Assignment: Copy every line of the records exactly, without including the images.

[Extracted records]
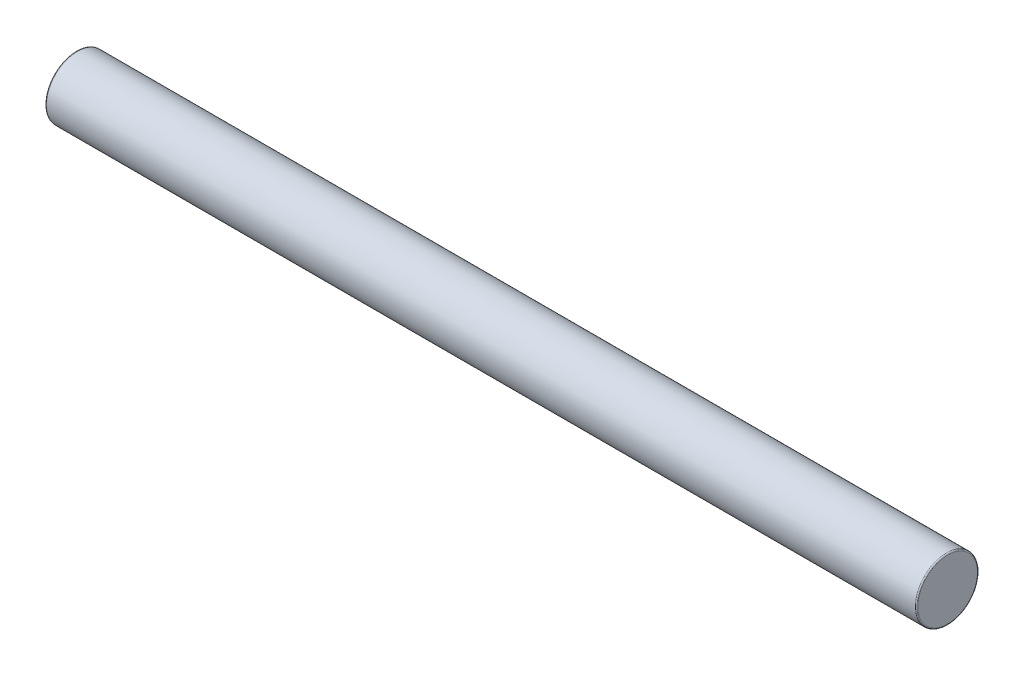
from build123d import *

# Parameters (mm, degrees)
CROQUIS1_R              = 5
SALIENTE_EXTRUIR1_DEPTH = 140
REDONDEO1_R             = 0.2


with BuildPart() as part:
    # Croquis1 → Saliente-Extruir1 (new body)
    with BuildSketch(Plane(origin=(0, 0, 0), x_dir=(0, 0, -1), z_dir=(1, 0, 0))):
        Circle(CROQUIS1_R)
    extrude(amount=SALIENTE_EXTRUIR1_DEPTH)

    # Redondeo1
    redondeo1_edges = [part.edges().sort_by_distance(p)[0] for p in [
        (0, 0, 5),
        (140, 0, 5),
    ]]
    fillet(redondeo1_edges, radius=REDONDEO1_R)


solid = part.part

Solution:
from build123d import *

# Parameters (mm, degrees)
CROQUIS1_R              = 5
SALIENTE_EXTRUIR1_DEPTH = 140
REDONDEO1_R             = 0.2


with BuildPart() as part:
    # Croquis1 → Saliente-Extruir1 (new body)
    with BuildSketch(Plane(origin=(0, 0, 0), x_dir=(0, 0, -1), z_dir=(1, 0, 0))):
        Circle(CROQUIS1_R)
    extrude(amount=SALIENTE_EXTRUIR1_DEPTH)

    # Redondeo1
    redondeo1_edges = [part.edges().sort_by_distance(p)[0] for p in [
        (0, 0, 5),
        (140, 0, 5),
    ]]
    fillet(redondeo1_edges, radius=REDONDEO1_R)


solid = part.part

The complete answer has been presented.